> [Exercise directions]:
The answer is all of the data repeated exactly, with each picture omitted.

> [Given data]:
· · · · · · ·

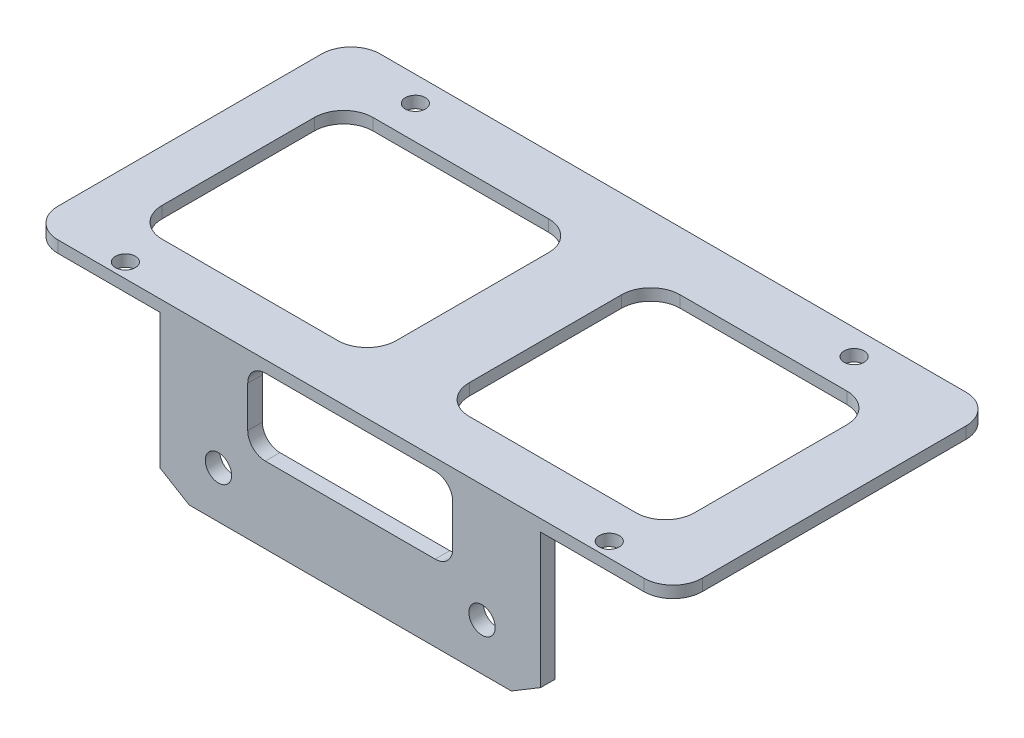
from build123d import *

# Parameters (mm, degrees)
SKETCH_1_R          = 1.7
EXTRUDE_2_DEPTH     = 2
SKETCH_2_W          = 65
SKETCH_2_H          = 2.5
EXTRUDE_3_DEPTH     = 30
SKETCH_3_R          = 2.25
CUT_EXTRUDE_1_DEPTH = 2.5


with BuildPart() as part:
    # 草图1 → 凸台-拉伸2 (new body)
    with BuildSketch(Plane(origin=(0, 0, 0), x_dir=(1, 0, 0), z_dir=(0, 1, 0))):
        with BuildLine():
            Line((5, 0), (105, 0))
            ThreePointArc((105, 0), (108.535533906, 1.464466094), (110, 5))
            Line((110, 5), (110, 50))
            ThreePointArc((110, 50), (108.535533906, 53.535533906), (105, 55))
            Line((105, 55), (5, 55))
            ThreePointArc((5, 55), (1.464466094, 53.535533906), (0, 50))
            Line((0, 50), (0, 5))
            ThreePointArc((0, 5), (1.464466094, 1.464466094), (5, 0))
        make_face()
        with Locations(Location((14, 2.5, 0), (0, 0, 270))):
            Circle(SKETCH_1_R, mode=Mode.SUBTRACT)
        with Locations(Location((15.3, 50.7, 0), (0, 0, 270))):
            Circle(SKETCH_1_R, mode=Mode.SUBTRACT)
        with Locations(Location((90.2, 50.7, 0), (0, 0, 270))):
            Circle(SKETCH_1_R, mode=Mode.SUBTRACT)
        with Locations(Location((96.6, 2.5, 0), (0, 0, 270))):
            Circle(SKETCH_1_R, mode=Mode.SUBTRACT)
        with BuildLine():
            Line((13.766884745, 45), (43.750231267, 45))
            ThreePointArc((43.750231267, 45), (47.285765173, 43.535533906), (48.750231267, 40))
            Line((48.750231267, 40), (48.750231267, 14))
            ThreePointArc((48.750231267, 14), (47.285765173, 10.464466094), (43.750231267, 9))
            Line((43.750231267, 9), (13.766884745, 9))
            ThreePointArc((13.766884745, 9), (10.231350839, 10.464466094), (8.766884745, 14))
            Line((8.766884745, 14), (8.766884745, 40))
            ThreePointArc((8.766884745, 40), (10.231350839, 43.535533906), (13.766884745, 45))
        make_face(mode=Mode.SUBTRACT)
        with BuildLine():
            Line((66.201792467, 45), (94.663281509, 45))
            ThreePointArc((94.663281509, 45), (98.198815415, 43.535533906), (99.663281509, 40))
            Line((99.663281509, 40), (99.663281509, 14))
            ThreePointArc((99.663281509, 14), (98.198815415, 10.464466094), (94.663281509, 9))
            Line((94.663281509, 9), (66.201792467, 9))
            ThreePointArc((66.201792467, 9), (62.666258562, 10.464466094), (61.201792467, 14))
            Line((61.201792467, 14), (61.201792467, 40))
            ThreePointArc((61.201792467, 40), (62.666258562, 43.535533906), (66.201792467, 45))
        make_face(mode=Mode.SUBTRACT)
    extrude(amount=EXTRUDE_2_DEPTH)

    # 草图2 → 凸台-拉伸3 (add)
    with BuildSketch(Plane.XZ):
        with Locations((54.883282113, -1.25)):
            Rectangle(SKETCH_2_W, SKETCH_2_H)
    extrude(amount=EXTRUDE_3_DEPTH)

    # 草图3 → 切除-拉伸1 (cut)
    with BuildSketch(Plane.XY):
        with Locations((77.383282113, -18)):
            Circle(SKETCH_3_R)
        with Locations((32.383282113, -18)):
            Circle(SKETCH_3_R)
        Polygon((87.383282113, -30), (87.383282113, -23), (82.383282113, -26), (27.383282113, -26), (22.383282113, -23), (22.383282113, -30), align=None)
        with BuildLine():
            Line((69.383282113, -13), (40.383282113, -13))
            ThreePointArc((40.383282113, -13), (38.26196177, -12.121320344), (37.383282113, -10))
            Line((37.383282113, -10), (37.383282113, -3))
            ThreePointArc((37.383282113, -3), (38.26196177, -0.878679656), (40.383282113, 0))
            Line((40.383282113, 0), (69.383282113, 0))
            ThreePointArc((69.383282113, 0), (71.504602457, -0.878679656), (72.383282113, -3))
            Line((72.383282113, -3), (72.383282113, -10))
            ThreePointArc((72.383282113, -10), (71.504602457, -12.121320344), (69.383282113, -13))
        make_face()
    extrude(amount=-CUT_EXTRUDE_1_DEPTH, mode=Mode.SUBTRACT)


solid = part.part
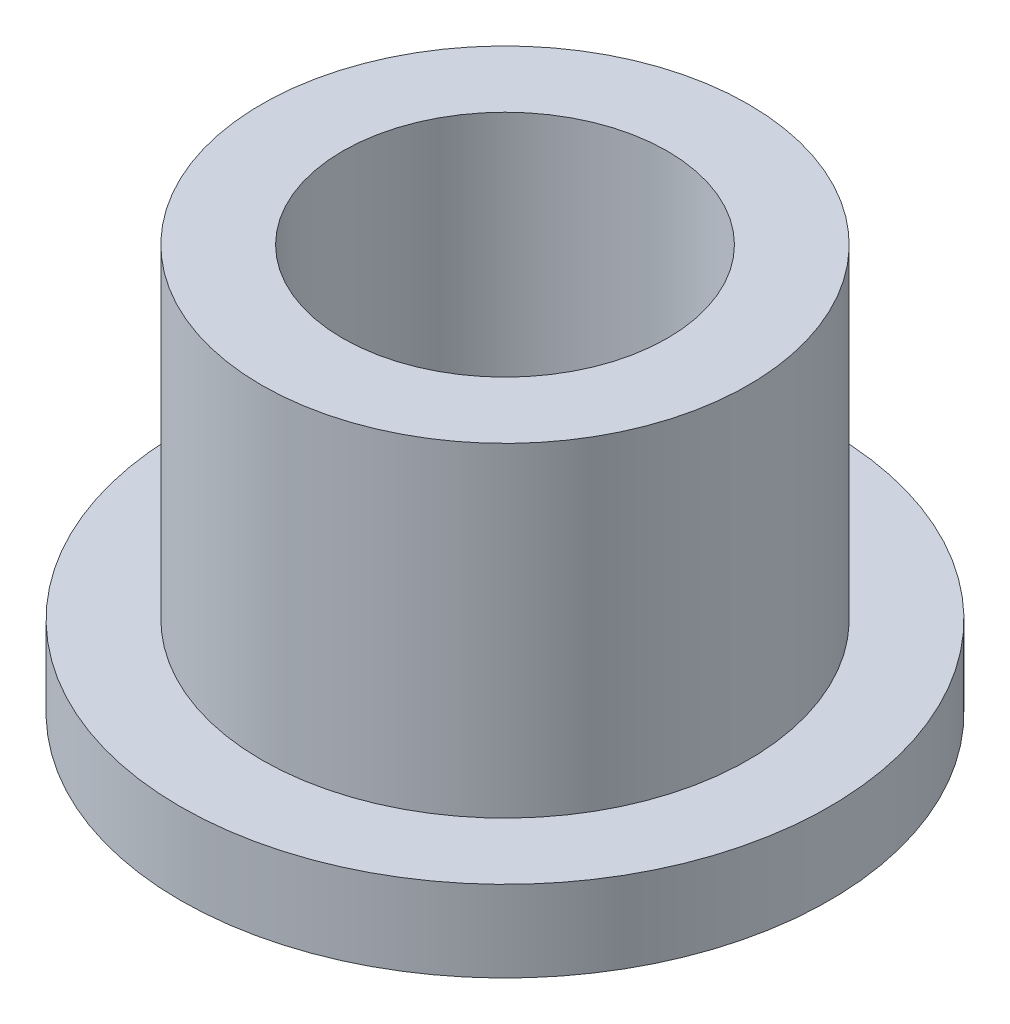
from build123d import *

# Parameters (mm, degrees)
SKETCH2_R           = 4.7625
SKETCH2_R_2         = 3.175
BOSS_EXTRUDE1_DEPTH = 7.9375
SKETCH3_R           = 6.35
SKETCH3_R_2         = 4.7625
BOSS_EXTRUDE2_DEPTH = 1.5875


with BuildPart() as part:
    # Sketch2 → Boss-Extrude1 (new body)
    with BuildSketch(Plane(origin=(0, 0, 0), x_dir=(1, 0, 0), z_dir=(0, 1, 0))):
        with Locations(Location((0, 0, 0), (0, 0, 270))):
            Circle(SKETCH2_R)
        with Locations(Location((0, 0, 0), (0, 0, 270))):
            Circle(SKETCH2_R_2, mode=Mode.SUBTRACT)
    extrude(amount=BOSS_EXTRUDE1_DEPTH)

    # Sketch3 → Boss-Extrude2 (add)
    with BuildSketch(Plane(origin=(0, 0, 0), x_dir=(1, 0, 0), z_dir=(0, 1, 0))):
        with Locations(Location((0, 0, 0), (0, 0, 270))):
            Circle(SKETCH3_R)
        with Locations(Location((0, 0, 0), (0, 0, 270))):
            Circle(SKETCH3_R_2, mode=Mode.SUBTRACT)
    extrude(amount=BOSS_EXTRUDE2_DEPTH)


solid = part.part

· · · · · · ·

> [Written reply]:
from build123d import *

# Parameters (mm, degrees)
SKETCH_1_R          = 1.7
EXTRUDE_2_DEPTH     = 2
SKETCH_2_W          = 65
SKETCH_2_H          = 2.5
EXTRUDE_3_DEPTH     = 30
SKETCH_3_R          = 2.25
CUT_EXTRUDE_1_DEPTH = 2.5


with BuildPart() as part:
    # 草图1 → 凸台-拉伸2 (new body)
    with BuildSketch(Plane(origin=(0, 0, 0), x_dir=(1, 0, 0), z_dir=(0, 1, 0))):
        with BuildLine():
            Line((5, 0), (105, 0))
            ThreePointArc((105, 0), (108.535533906, 1.464466094), (110, 5))
            Line((110, 5), (110, 50))
            ThreePointArc((110, 50), (108.535533906, 53.535533906), (105, 55))
            Line((105, 55), (5, 55))
            ThreePointArc((5, 55), (1.464466094, 53.535533906), (0, 50))
            Line((0, 50), (0, 5))
            ThreePointArc((0, 5), (1.464466094, 1.464466094), (5, 0))
        make_face()
        with Locations(Location((14, 2.5, 0), (0, 0, 270))):
            Circle(SKETCH_1_R, mode=Mode.SUBTRACT)
        with Locations(Location((15.3, 50.7, 0), (0, 0, 270))):
            Circle(SKETCH_1_R, mode=Mode.SUBTRACT)
        with Locations(Location((90.2, 50.7, 0), (0, 0, 270))):
            Circle(SKETCH_1_R, mode=Mode.SUBTRACT)
        with Locations(Location((96.6, 2.5, 0), (0, 0, 270))):
            Circle(SKETCH_1_R, mode=Mode.SUBTRACT)
        with BuildLine():
            Line((13.766884745, 45), (43.750231267, 45))
            ThreePointArc((43.750231267, 45), (47.285765173, 43.535533906), (48.750231267, 40))
            Line((48.750231267, 40), (48.750231267, 14))
            ThreePointArc((48.750231267, 14), (47.285765173, 10.464466094), (43.750231267, 9))
            Line((43.750231267, 9), (13.766884745, 9))
            ThreePointArc((13.766884745, 9), (10.231350839, 10.464466094), (8.766884745, 14))
            Line((8.766884745, 14), (8.766884745, 40))
            ThreePointArc((8.766884745, 40), (10.231350839, 43.535533906), (13.766884745, 45))
        make_face(mode=Mode.SUBTRACT)
        with BuildLine():
            Line((66.201792467, 45), (94.663281509, 45))
            ThreePointArc((94.663281509, 45), (98.198815415, 43.535533906), (99.663281509, 40))
            Line((99.663281509, 40), (99.663281509, 14))
            ThreePointArc((99.663281509, 14), (98.198815415, 10.464466094), (94.663281509, 9))
            Line((94.663281509, 9), (66.201792467, 9))
            ThreePointArc((66.201792467, 9), (62.666258562, 10.464466094), (61.201792467, 14))
            Line((61.201792467, 14), (61.201792467, 40))
            ThreePointArc((61.201792467, 40), (62.666258562, 43.535533906), (66.201792467, 45))
        make_face(mode=Mode.SUBTRACT)
    extrude(amount=EXTRUDE_2_DEPTH)

    # 草图2 → 凸台-拉伸3 (add)
    with BuildSketch(Plane.XZ):
        with Locations((54.883282113, -1.25)):
            Rectangle(SKETCH_2_W, SKETCH_2_H)
    extrude(amount=EXTRUDE_3_DEPTH)

    # 草图3 → 切除-拉伸1 (cut)
    with BuildSketch(Plane.XY):
        with Locations((77.383282113, -18)):
            Circle(SKETCH_3_R)
        with Locations((32.383282113, -18)):
            Circle(SKETCH_3_R)
        Polygon((87.383282113, -30), (87.383282113, -23), (82.383282113, -26), (27.383282113, -26), (22.383282113, -23), (22.383282113, -30), align=None)
        with BuildLine():
            Line((69.383282113, -13), (40.383282113, -13))
            ThreePointArc((40.383282113, -13), (38.26196177, -12.121320344), (37.383282113, -10))
            Line((37.383282113, -10), (37.383282113, -3))
            ThreePointArc((37.383282113, -3), (38.26196177, -0.878679656), (40.383282113, 0))
            Line((40.383282113, 0), (69.383282113, 0))
            ThreePointArc((69.383282113, 0), (71.504602457, -0.878679656), (72.383282113, -3))
            Line((72.383282113, -3), (72.383282113, -10))
            ThreePointArc((72.383282113, -10), (71.504602457, -12.121320344), (69.383282113, -13))
        make_face()
    extrude(amount=-CUT_EXTRUDE_1_DEPTH, mode=Mode.SUBTRACT)


solid = part.part
from build123d import *

# Parameters (mm, degrees)
SKETCH2_R           = 4.7625
SKETCH2_R_2         = 3.175
BOSS_EXTRUDE1_DEPTH = 7.9375
SKETCH3_R           = 6.35
SKETCH3_R_2         = 4.7625
BOSS_EXTRUDE2_DEPTH = 1.5875


with BuildPart() as part:
    # Sketch2 → Boss-Extrude1 (new body)
    with BuildSketch(Plane(origin=(0, 0, 0), x_dir=(1, 0, 0), z_dir=(0, 1, 0))):
        with Locations(Location((0, 0, 0), (0, 0, 270))):
            Circle(SKETCH2_R)
        with Locations(Location((0, 0, 0), (0, 0, 270))):
            Circle(SKETCH2_R_2, mode=Mode.SUBTRACT)
    extrude(amount=BOSS_EXTRUDE1_DEPTH)

    # Sketch3 → Boss-Extrude2 (add)
    with BuildSketch(Plane(origin=(0, 0, 0), x_dir=(1, 0, 0), z_dir=(0, 1, 0))):
        with Locations(Location((0, 0, 0), (0, 0, 270))):
            Circle(SKETCH3_R)
        with Locations(Location((0, 0, 0), (0, 0, 270))):
            Circle(SKETCH3_R_2, mode=Mode.SUBTRACT)
    extrude(amount=BOSS_EXTRUDE2_DEPTH)


solid = part.part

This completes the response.